第2話 わからせの業火を宿して──


「ちょっと翔太しょうた~! いつまで寝てるの~?」


 俺を呼ぶ声とともに、ゆっさゆっさと優しく肩を揺らされていた。


 夢見心地の良い気分。

 自然と「あと五分」が口からこぼれ出る。


「はいはい、あと五分ね? と、言いたいところだけど。花純ちゃんと毎朝待ち合わせしてるんでしょ? 遅れるなら連絡くらいしなさい!」


 忌々しい名前を聞いて意識は一瞬で覚醒する。 


「……はっ! か、かすみ……」


「あれれ~? なになに〜? 花純ちゃんの名前を聞くと起きちゃうの〜? 可愛いやつめ!」


 うぐっ……。いや、まあそうだけど。


 って、え?! 


「ね、姉ちゃん?!」


「はいはいお姉ちゃんですよ~。起きたならさっさと顔洗って学校行く支度しなさーい!」


 これはまた珍しい。
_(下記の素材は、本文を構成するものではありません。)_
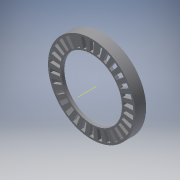
# Autodesk Inventor part: otackomer_new
Saved by Autodesk Inventor 2016 (Build 200138000, 138)
## iProperties
Created: 2015-06-20
Part Number: otackomer_new
Material: Generic
Document SubType Name: Modeling
Designer: Jufo
Density: 1 g/cm^3
Appearance: Default
Author: Jufo
Autodesk Inventor part; units mm, degrees
ref_plane "YZ Plane" through (0, 0, 0) normal (1, 0, 0) x (0, 1, 0)
ref_plane "XZ Plane" through (0, 0, 0) normal (0, 1, 0) x (-1, 0, 0)
ref_plane "XY Plane" through (0, 0, 0) normal (0, 0, 1) x (1, 0, 0)
sketch "Sketch1" plane through (0, 0, 0) normal (0, 1, 0) x (-1, 0, 0)
  circle A0 centre (0, 0) radius 28
  circle A1 centre (0, 0) radius 26.75
  circle A2 centre (0, 0) radius 20.5
  circle A3 centre (0, 0) radius 19.5
  line L0 (0, 20.5) -> (-3, 20.5)
  line L1 (0, 20.5) -> (3, 20.5)
  line L2 (0, 20.5) -> (0, 26.75)
  line L3 (0, 26.75) -> (-4, 26.75)
  line L4 (0, 26.75) -> (4, 26.75)
  line L5 (4, 26.75) -> (3, 20.5)
  line L6 (-4, 26.75) -> (-3, 20.5)
  line L7 (-3, 20.5) -> (-3, 20.2793)
  line L8 (3, 20.5) -> (3, 20.2793)
  arc A4 (3, 20.2793) -> (-3, 20.2793) centre (0, 0) ccw
  arc A5 (3.953, 26.4563) -> (-3.953, 26.4563) centre (0, 0) ccw
  dimension "d0" = 56
  dimension "d1" = 53.5
  dimension "d2" = 41
  dimension "d3" = 39
  dimension "d13" = 8.5
  dimension "d17" = 3
  dimension "d18" = 3
  dimension "d19" = 4
  dimension "d20" = 4
  constraints: 18 end point, 12 point on circle, 6 centre point, 4 coincident, 4 tangent, 3 point on line, 2 horizontal, 2 vertical, 1 parallel, 1 perpendicular
  measures "d0" diameter of A0
  measures "d1" diameter of A1
  measures "d2" diameter of A2
  measures "d3" diameter of A3
  measures "d13" radial gap between concentric circles of A3 A0
  measures "d17" distance of L0.start L1.end
  measures "d18" distance of L0.start L0.end
  measures "d19" distance of L2.end L3.end
  measures "d20" distance of L2.end L4.end
extrude "Extrusion3" add sketch "Sketch1" along normal blind 2 contours A0 | A1 L6 L7 A2 L8 L5 | L5 L1 L2 A1 | A1 L4 L5 | L6 L3 A1 | A1 L2 L0 L6 | L8 A2 L1 | L0 A2 L7 | A2
sketch "Sketch4" plane through (0, 2, 0) normal (0, 1, 0) x (1, 0, 0)
  circle A0 centre (0, 0) radius 28
  circle A1 centre (0, 0) radius 26.75
  circle A2 centre (0, 0) radius 20.5
  circle A3 centre (0, 0) radius 19.5
  line L0 (0, 20.5) -> (-1, 20.5)
  line L1 (0, 20.5) -> (1, 20.5)
  line L2 (0, 20.5) -> (0, 26.75)
  line L3 (0, 26.75) -> (-1.3049, 26.75)
  line L4 (0, 26.75) -> (1.3049, 26.75)
  line L5 (1.3049, 26.75) -> (1, 20.5)
  line L6 (-1.3049, 26.75) -> (-1, 20.5)
  line L7 (-1, 20.5) -> (-1, 20.4756)
  line L8 (1, 20.5) -> (1, 20.4756)
  arc A4 (1, 20.4756) -> (-1, 20.4756) centre (0, 0) ccw
  arc A5 (1.3033, 26.7182) -> (-1.3033, 26.7182) centre (0, 0) ccw
  dimension "d23" = 56
  dimension "d24" = 53.5
  dimension "d25" = 41
  dimension "d26" = 39
  dimension "d27" = 8.5
  dimension "d28" = 1
  dimension "d29" = 1
  dimension "d30" = 1.3049
  dimension "d31" = 1.3049
  constraints: 18 end point, 12 point on circle, 6 centre point, 4 coincident, 4 tangent, 3 point on line, 2 horizontal, 2 vertical, 1 parallel, 1 perpendicular
  measures "d23" diameter of A0
  measures "d24" diameter of A1
  measures "d25" diameter of A2
  measures "d26" diameter of A3
  measures "d27" radial gap between concentric circles of A3 A0
  measures "d28" distance of L0.start L1.end
  measures "d29" distance of L0.start L0.end
  measures "d30" distance of L2.end L3.end
  measures "d31" distance of L2.end L4.end
extrude "Extrusion4" cut sketch "Sketch4" against normal blind 10 contours L5 L1 L2 A1 | A1 L2 L0 L6 | L8 A2 L1 | L0 A2 L7
pattern_circular "Circular Pattern2" count 30 over 360 about axis through (0, 2, 0) along (0, -1, 0) of "Extrusion4"
sketch "Sketch5" plane through (0, 2, 0) normal (0, 1, 0) x (1, 0, 0)
  circle A0 centre (0, 0) radius 28
  line L0 (-1, 20.5) -> (-1.3033, 26.7182) projected
  circle A1 centre (0, 0) radius 26.75
  constraints: 2 coincident, 1 centre point, 3 other
extrude "Extrusion5" add sketch "Sketch5" along normal blind 5
equation "\"d29\" = d28"
equation "\"d30\" = d31"
body "Solid2"
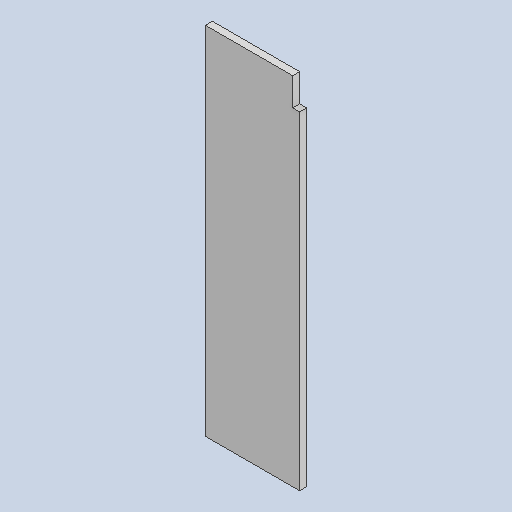
# Autodesk Inventor part: DMF2.0 01 42 Gear way 2
Saved by Autodesk Inventor 2025 (Build 290162010, 162A)
## iProperties
Created: 2024-04-30
Part Number: DMF2.0 01 42 Gear way 2
Material: Generic
Document SubType Name: Sheet Metal
Designer: admin
Stock Number: Барабан_Сектор_Усилителя
Density: 1 g/cm^3
Sheet Metal Rule: Default
Sheet Metal Width: 0,000 mm
Sheet Metal Length: 0,000 mm
Sheet Metal Area: 0,000 mm^2
Appearance: Default
Author: pokla
Autodesk Inventor part; units mm, degrees
ref_plane "YZ Plane" through (0, 0, 0) normal (1, 0, 0) x (0, 1, 0)
ref_plane "XZ Plane" through (0, 0, 0) normal (0, 1, 0) x (-1, 0, 0)
ref_plane "XY Plane" through (0, 0, 0) normal (0, 0, 1) x (1, 0, 0)
sketch "Sketch1" plane through (0, 0, 0) normal (0, 0, 1) x (1, 0, 0)
  line L0 (-13.5, 102) -> (13.5, 102)
  line L1 (13.5, 102) -> (13.5, 0)
  line L2 (13.5, 0) -> (-13.5, 0)
  line L3 (-13.5, 0) -> (-13.5, 102)
  line L4 (13.5, 94) -> (-13.5, 94)
  line L5 (11.5, 94) -> (11.5, 102)
  point P0 (0, 0)
  point P1 (0, 0)
  point P2 (0, 0)
  point P3 (0, 0)
  point P4 (0, 0)
  dimension "d27" = 27
  dimension "d29" = 102
  dimension "d30" = 2
  dimension "d31" = 8
  measures "d27" distance of L1.end L2.end
  measures "d29" distance between parallel lines of L2 L0
  measures "d30" distance between parallel lines of L1 L5
  measures "d31" distance between parallel lines of L4 L0
extrude "Plate1" add sketch "Sketch1" along normal mid plane 2 contours L0 L5 L4 L3 | L4 L1 L2 L3
equation "\"d29\" = 0.5 * Шстр_диам_внутр - 0.5 * Колесо_диам_3 - 2 * Thickness"
equation "\"d30\" = Thickness"
equation "\"d31\" = 0.5 * Шстр_диам_внутр - 0.5 * Колесо_диам_2 - Thickness"
equation "\"d15\" = Thickness"
equation "\"BendRadius\" = Thickness"
equation "\"BendReliefWidth\" = Thickness"
equation "\"BendReliefDepth\" = 0.5 * Thickness"
equation "\"CornerReliefSize\" = 4 * Thickness"
equation "\"MinimumRemnant\" = 2 * Thickness"
equation "\"TransitionRadius\" = BendRadius"
equation "\"JacobiRadiusSize\" = BendRadius"
equation "\"GapSize\" = Thickness"
equation "\"Шстр_диам_внутр\" = 720"
equation "\"Колесо_диам_3\" = 508"
equation "\"Thickness\" = 2"
equation "\"Колесо_диам_2\" = 700"
body "Solid1"

姉ちゃんに起こされるなんて何年振りかな。


 姉ちゃんはキャンパスライフとやらを満喫する大学二年生。

 ここ最近はあまり家には寄り付かず、同じ家に住んでいるのに顔を合わせることは殆どなかった。


 姉ちゃん曰く『大学は遊ぶ場所』らしい。


 たまに会うとお酒臭くて距離を取る存在に変わっていたけど、今日はいつか見た、懐かしい雰囲気の姉ちゃんだった。

 

 でもなんで、俺の部屋に居るんだろう。

 そういえば町内会の掃除があるとか、母ちゃんから昨日聞いたような……。


 寝ぼけ眼をこすりながら、なんとなく時計を見ると驚愕──。


「うおっ!」


 特大の寝坊をやらかしてる!


「さんきゅー姉ちゃん! 恩に切る!」


 大急ぎでベッドから起き上がると姉ちゃんに腕を掴まれた。


「ストップ翔太」

「ほえ?」


 俺の顔を食い入るようにじーっと見てきた。


「目、腫れてるじゃん。なんかあったの? お姉ちゃんに言ってごらん? ううん?」

 

 ……まじかよ。最悪だ。


 “目が腫れている”

 その言葉だけで十分だった。


 まぁ、そうなるよな。恋に敗れた者に訪れる、翌日の朝はこんなものだろう。


 しかし俺は失恋の涙など一滴も流していない。

 わからせの業火に身を宿したゆえの血の雫。その末の腫れだ。


 そうでなければ困る。


 なんてったって今日は『DAY2』

 二日目にして始まりの朝だ。気合を入れて挑まなければ花純が展開するであろう日常に飲まれてしまう。


 遅刻ギリギリの電車まではまだ30分ある。しっかり朝飯を食って、万全を期すんだ!

 

 だから悪いけど姉ちゃんに構っている暇はない。それになにより、話せるような内容じゃないからな。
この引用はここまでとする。